# How do I get rid of tiny snails and seed shrimp in my tank?



## kakkoii (Jan 18, 2008)

How do I get rid of tiny snails and seed shrimp in my tank? There are soooooo many!!!!!!!!


----------



## Bert H (Mar 2, 2004)

Do you have any fish in the tank? If so, I'm surprised they haven't been eating the seed shrimp. As far as the snails go, their population is controlled by how much you feed the tank. If you overfeed, you will likely have a population explosion.


----------



## kakkoii (Jan 18, 2008)

I have no fish. I don't feed either. Is there a chemical I can use to get rid of the snails, but won't harm the plants?


----------



## MatPat (Mar 22, 2004)

There are chemicals out there to eliminate snails but they will cause a big ammonia spike due to the decaying dead snails left in the tank.

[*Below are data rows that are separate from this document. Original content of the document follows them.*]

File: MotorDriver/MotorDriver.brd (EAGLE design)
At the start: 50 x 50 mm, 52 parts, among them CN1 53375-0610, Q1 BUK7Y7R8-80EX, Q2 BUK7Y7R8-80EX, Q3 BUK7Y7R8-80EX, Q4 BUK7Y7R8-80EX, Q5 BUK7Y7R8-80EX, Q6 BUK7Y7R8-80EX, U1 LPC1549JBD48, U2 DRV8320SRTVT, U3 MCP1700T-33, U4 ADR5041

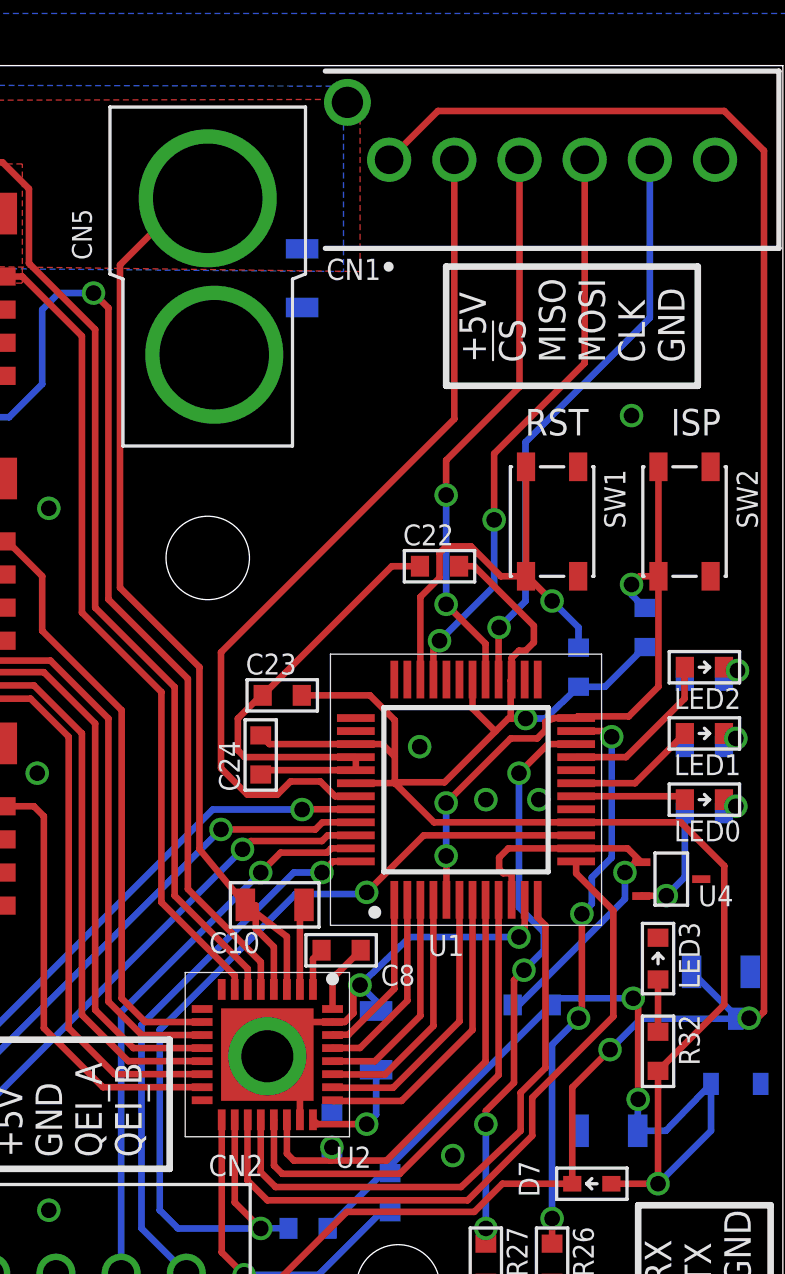
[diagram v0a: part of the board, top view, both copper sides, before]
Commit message: SCT1_OUT[5, 6]を使うために配線を入れ替えた
1:    PWM_CL->MOSI
2:    PWM_CH->RX
22: RX->PWM_CH
33  MOSI->PWM_CL
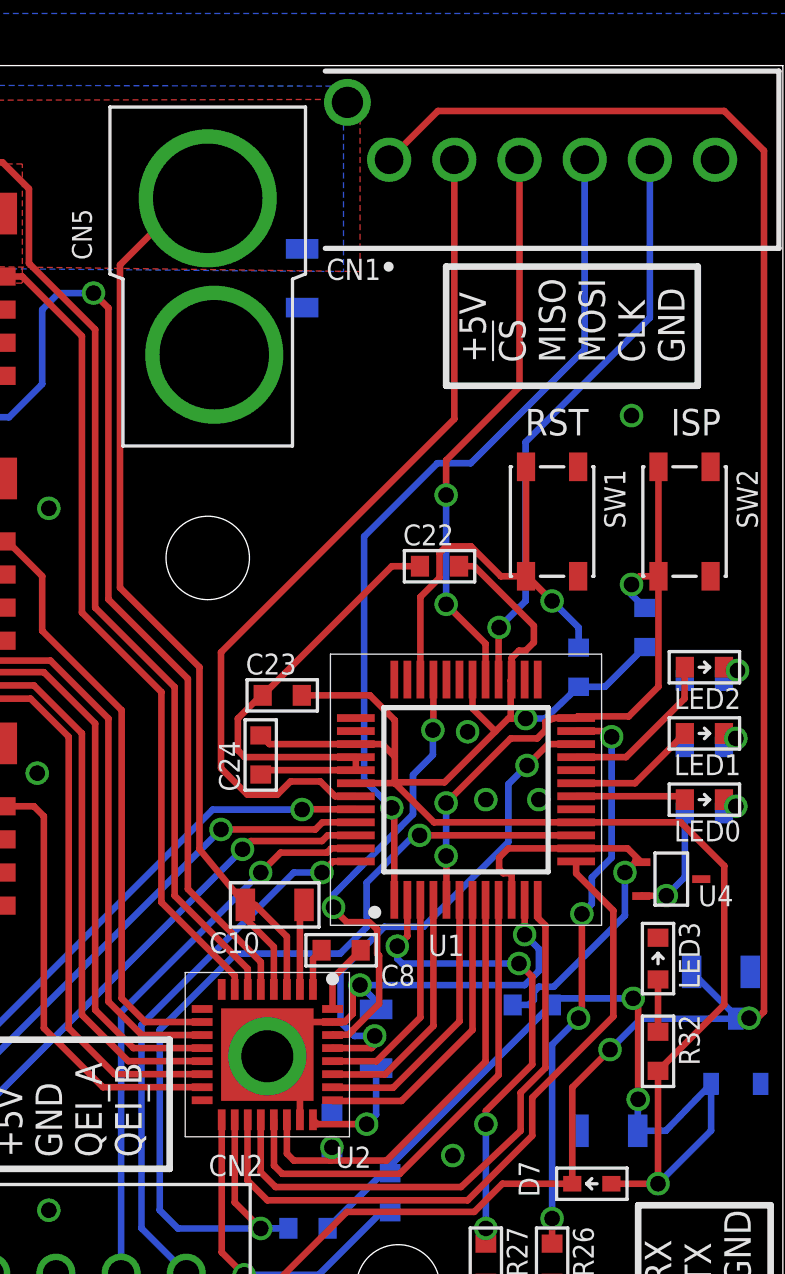
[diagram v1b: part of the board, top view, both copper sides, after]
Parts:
- moved C9 0.06 mm to (34.4, 12.7)
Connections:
- net MOSI: now also U1.1; no longer U1.33
- net PWM_CH: now also U1.22; no longer U1.2
- net PWM_CL: now also U1.33; no longer U1.1
- net RX: now also U1.2; no longer U1.22
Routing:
- net PWM_CH: track 7.49 -> 19.5 mm, vias 0 -> 2
- net PWM_CL: track 6.52 -> 17.5 mm, vias 0 -> 2
- net MOSI: track 22.3 -> 33.1 mm, vias 2 -> 1
- net RX: track 22.0 -> 18.8 mm
- net GND: track 42.2 -> 43.9 mm
- net SDO: track 35.8 -> 36.8 mm
- net VREF: track 15.6 -> 16.2 mm

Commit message: FETのゲートソース間に抵抗を追加
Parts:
- added R10, R11, R12, R7, R8, R9: 10k, Passive:1608
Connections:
- net GH_A: now also R11.2
- net GH_B: now also R9.2
- net GH_C: now also R7.2
- net GL_A: now also R12.2
- net GL_B: now also R10.2
- net GL_C: now also R8.2
- net GND: now also R10.1, R12.1, R8.1
- net SH_A: now also R11.1
- net SH_B: now also R9.1
- net SH_C: now also R7.1
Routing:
- net GND: track 43.9 -> 45.6 mm, vias 14 -> 15
- net GL_B: track 23.1 -> 24.8 mm, vias 0 -> 1
- net GL_C: track 17.0 -> 18.6 mm, vias 0 -> 1
- net GL_A: track 31.6 -> 33.2 mm, vias 0 -> 1
- net SH_C: track 26.3 -> 27.7 mm
- net GH_C: track 31.3 -> 32.7 mm, vias 0 -> 1
- net GH_B: track 33.2 -> 34.1 mm, vias 0 -> 1
- net GH_A: track 52.2 -> 53.2 mm
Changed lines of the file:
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@@
 <attribute name="VALUE" x="24.13" y="35.56" size="0.762" layer="27" font="vector" ratio="17" rot="R90"/>
 </element>
+<element name="R7" library="Passive" package="1608" value="10k" x="13.46875" y="25" rot="MR90"/>
+<element name="R8" library="Passive" package="1608" value="10k" x="18.4375" y="20.625" rot="MR90"/>
+<element name="R9" library="Passive" package="1608" value="10k" x="11.25" y="26.53125" rot="MR180"/>
+<element name="R10" library="Passive" package="1608" value="10k" x="18.4375" y="30.625" rot="MR90"/>
+<element name="R11" library="Passive" package="1608" value="10k" x="11.5625" y="36.5625" rot="MR270"/>
+<element name="R12" library="Passive" package="1608" value="10k" x="18.4375" y="40.9375" rot="MR90"/>
 </elements>
 <signals>
@@
 <via x="15.24" y="40.005" extent="1-16" drill="0.6" shape="octagon"/>
 <via x="15.24" y="41.275" extent="1-16" drill="0.6" shape="octagon"/>
+<contactref element="R11" pad="1"/>
 </signal>
 <signal name="V+">
@@
 <via x="15.24" y="29.845" extent="1-16" drill="0.6" shape="octagon"/>
 <via x="15.24" y="28.575" extent="1-16" drill="0.6" shape="octagon"/>
+<contactref element="R9" pad="1"/>
 </signal>
 <signal name="SH_C">
@@
 <via x="10.795" y="24.13" extent="1-16" drill="0.6" shape="octagon"/>
 <via x="12.065" y="24.13" extent="1-16" drill="0.6" shape="octagon"/>
+<contactref element="R7" pad="1"/>
+<wire x1="13.46875" y1="24.25" x2="13.34875" y2="24.13" width="0.254" layer="16"/>
+<wire x1="13.34875" y1="24.13" x2="12.065" y2="24.13" width="0.254" layer="16"/>
 </signal>
 <signal name="GND">
@@
 <wire x1="33.19" y1="13.315" x2="33.5" y2="13.625" width="0.254" layer="1"/>
 <wire x1="33.19" y1="13.315" x2="32.726" y2="13.315" width="0.254" layer="1"/>
+<contactref element="R8" pad="1"/>
+<contactref element="R10" pad="1"/>
+<contactref element="R12" pad="1"/>
+<wire x1="18.4375" y1="40.1875" x2="18.90625" y2="40.65625" width="0.254" layer="16"/>
+<wire x1="18.90625" y1="40.65625" x2="19.1875" y2="40.65625" width="0.254" layer="16"/>
+<via x="19.1875" y="40.65625" extent="1-16" drill="0.6" shape="octagon"/>
+<wire x1="19.1875" y1="40.65625" x2="19.20375" y2="40.64" width="0.254" layer="1"/>
+<wire x1="19.20375" y1="40.64" x2="19.997" y2="40.64" width="0.254" layer="1"/>
 </signal>
 <signal name="GH_A">
@@
 <wire x1="21.59" y1="37.7825" x2="20.32" y2="36.5125" width="0.254" layer="16"/>
 <wire x1="20.32" y1="36.5125" x2="10.9855" y2="36.5125" width="0.254" layer="16"/>
-<wire x1="10.9855" y1="36.5125" x2="10.033" y2="37.465" width="0.254" layer="16"/>
+<wire x1="10.9855" y1="36.5125" x2="10.920875" y2="36.577125" width="0.254" layer="16"/>
+<wire x1="10.920875" y1="36.577125" x2="10.033" y2="37.465" width="0.254" layer="16"/>
 <wire x1="10.033" y1="37.465" x2="10.033" y2="41.529" width="0.254" layer="16"/>
 <wire x1="10.033" y1="41.529" x2="10.3505" y2="41.8465" width="0.254" layer="16"/>
@@
 <wire x1="10.3505" y1="41.8465" x2="11.0435" y2="41.8465" width="0.254" layer="1"/>
 <wire x1="11.0435" y1="41.8465" x2="11.107" y2="41.91" width="0.254" layer="1"/>
+<contactref element="R11" pad="2"/>
+<wire x1="11.5625" y1="35.8125" x2="11.5625" y2="35.9355" width="0.254" layer="16"/>
+<wire x1="11.5625" y1="35.9355" x2="10.9855" y2="36.5125" width="0.254" layer="16"/>
 </signal>
 <signal name="GL_A">
@@
 <wire x1="19.997" y1="41.91" x2="20.828" y2="41.91" width="0.254" layer="1"/>
 <wire x1="20.828" y1="41.91" x2="23.114" y2="39.624" width="0.254" layer="1"/>
+<contactref element="R12" pad="2"/>
+<wire x1="18.4375" y1="41.6875" x2="18.65625" y2="41.90625" width="0.254" layer="16"/>
+<wire x1="18.65625" y1="41.90625" x2="19.4375" y2="41.90625" width="0.254" layer="16"/>
+<via x="19.4375" y="41.90625" extent="1-16" drill="0.6" shape="octagon"/>
+<wire x1="19.4375" y1="41.90625" x2="19.44125" y2="41.91" width="0.254" layer="1"/>
+<wire x1="19.44125" y1="41.91" x2="19.997" y2="41.91" width="0.254" layer="1"/>
 </signal>
 <signal name="GH_B">
@@
 <wire x1="21.6535" y1="26.7335" x2="13.0175" y2="26.7335" width="0.254" layer="1"/>
 <wire x1="13.0175" y1="26.7335" x2="12.446" y2="27.305" width="0.254" layer="1"/>
-<wire x1="12.446" y1="27.305" x2="12.446" y2="30.861" width="0.254" layer="1"/>
+<wire x1="12.446" y1="27.305" x2="12.446" y2="27.53125" width="0.254" layer="1"/>
+<wire x1="12.446" y1="27.53125" x2="12.446" y2="30.861" width="0.254" layer="1"/>
 <wire x1="12.446" y1="30.861" x2="11.557" y2="31.75" width="0.254" layer="1"/>
 <wire x1="11.557" y1="31.75" x2="11.107" y2="31.75" width="0.254" layer="1"/>
+<contactref element="R9" pad="2"/>
+<wire x1="12" y1="26.53125" x2="12.25" y2="26.78125" width="0.254" layer="16"/>
+<via x="12.25" y="26.78125" extent="1-16" drill="0.6" shape="octagon"/>
+<wire x1="12.25" y1="26.78125" x2="12.446" y2="26.97725" width="0.254" layer="1"/>
+<wire x1="12.446" y1="26.97725" x2="12.446" y2="27.305" width="0.254" layer="1"/>
 </signal>
 <signal name="GL_B">
@@
 <wire x1="21.59" y1="30.4165" x2="20.2565" y2="31.75" width="0.254" layer="1"/>
 <wire x1="20.2565" y1="31.75" x2="19.997" y2="31.75" width="0.254" layer="1"/>
+<contactref element="R10" pad="2"/>
+<wire x1="18.4375" y1="31.375" x2="18.8125" y2="31.75" width="0.254" layer="16"/>
+<wire x1="18.8125" y1="31.75" x2="19.46875" y2="31.75" width="0.254" layer="16"/>
+<via x="19.46875" y="31.75" extent="1-16" drill="0.6" shape="octagon"/>
+<wire x1="19.46875" y1="31.75" x2="19.997" y2="31.75" width="0.254" layer="1"/>
 </signal>
 <signal name="GH_C">
@@
 <wire x1="11.107" y1="21.59" x2="13.97" y2="24.453" width="0.254" layer="1"/>
 <wire x1="13.97" y1="24.453" x2="13.97" y2="25.273" width="0.254" layer="1"/>
-<wire x1="13.97" y1="25.273" x2="14.9225" y2="26.2255" width="0.254" layer="1"/>
+<wire x1="13.97" y1="25.273" x2="14.7235" y2="26.0265" width="0.254" layer="1"/>
+<wire x1="14.7235" y1="26.0265" x2="14.9225" y2="26.2255" width="0.254" layer="1"/>
 <wire x1="14.9225" y1="26.2255" x2="21.2725" y2="26.2255" width="0.254" layer="1"/>
 <wire x1="21.2725" y1="26.2255" x2="23.114" y2="24.384" width="0.254" layer="1"/>
+<contactref element="R7" pad="2"/>
+<wire x1="13.46875" y1="25.75" x2="13.6875" y2="25.96875" width="0.254" layer="16"/>
+<wire x1="13.6875" y1="25.96875" x2="13.8125" y2="25.96875" width="0.254" layer="16"/>
+<via x="13.8125" y="25.96875" extent="1-16" drill="0.6" shape="octagon"/>
+<wire x1="13.8125" y1="25.96875" x2="13.87025" y2="26.0265" width="0.254" layer="1"/>
+<wire x1="13.87025" y1="26.0265" x2="14.7235" y2="26.0265" width="0.254" layer="1"/>
 </signal>
 <signal name="GL_C">
@@
 <wire x1="21.6535" y1="21.209" x2="21.2725" y2="21.59" width="0.254" layer="1"/>
 <wire x1="21.2725" y1="21.59" x2="19.997" y2="21.59" width="0.254" layer="1"/>
+<contactref element="R8" pad="2"/>
+<wire x1="18.4375" y1="21.375" x2="18.65625" y2="21.59375" width="0.254" layer="16"/>
+<wire x1="18.65625" y1="21.59375" x2="19.125" y2="21.59375" width="0.254" layer="16"/>
+<via x="19.125" y="21.59375" extent="1-16" drill="0.6" shape="octagon"/>
+<wire x1="19.125" y1="21.59375" x2="19.12875" y2="21.59" width="0.254" layer="1"/>
+<wire x1="19.12875" y1="21.59" x2="19.997" y2="21.59" width="0.254" layer="1"/>
 </signal>
 <signal name="+3V3">

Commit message: nya-n
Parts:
- C1, C10, C19, C2, C20, C3, C6, C9: device MotorDriver_Rev1:PASSIVE_2012 -> MotorDriver:C2012
- C22, C23, C24: device Passive:1608 -> MotorDriver:C1608
- C8: device MotorDriver_Rev1:PASSIVE_1608 -> MotorDriver:C1608
- CN1: device MotorDriver:53375-0610_53375-0610 -> MotorDriver:53375-0610
- D7: device MotorDriver_Rev1:DIODE_SOD523$1 -> MotorDriver:DIODE_SOD523
- LED0, LED1, LED2: device Opto:1608 -> MotorDriver:LED1608
- LED3: device Opto:1611 -> MotorDriver:LED1608
- R1, R10, R11, R12, R17, R2, R21, R23, R26, R27, R3, R32, R4, R5, R6, R7, R8, R9: device Passive:1608 -> MotorDriver:R1608
- U1: device LPC1549JBD48:QFP50P900X900X160-48N -> MotorDriver:QFP48
- U2: device DRV8320SRTVT:QFN50P500X500X80-33N -> MotorDriver:DRV8320SRTVT

Chemicals to remove snails will also eliminate shrimp. I assume you have shrimp since you are posting in the Shrimp/Invertebrate forum  

Try putting a blanched piece of lettuce or spinach in the tank. Go back a couple of hours later and it will have plenty of snails on it. Simply remove it from the tank, snails and all. If there are shrimp on it, they usually jump off before you remove it from the water. Do this a couple of times and you should be able to eliminate or drastically reduce your snail population. I do this about once a week in my shrimp tanks and feed the snails to my Tanganyikan tank. The tretocephalus eat any snail that will fit in their mouths, shell and all!


----------



## CobraGuppy (Jun 16, 2008)

MatPat's method worked for me!

Or you can smush as much as you can against the glass but be sure to get the bodies out.


----------



## DBL TAP (Apr 21, 2008)

I used a trap and have been smashing. I noticed my shrimp like feeding on the smashed snails.


----------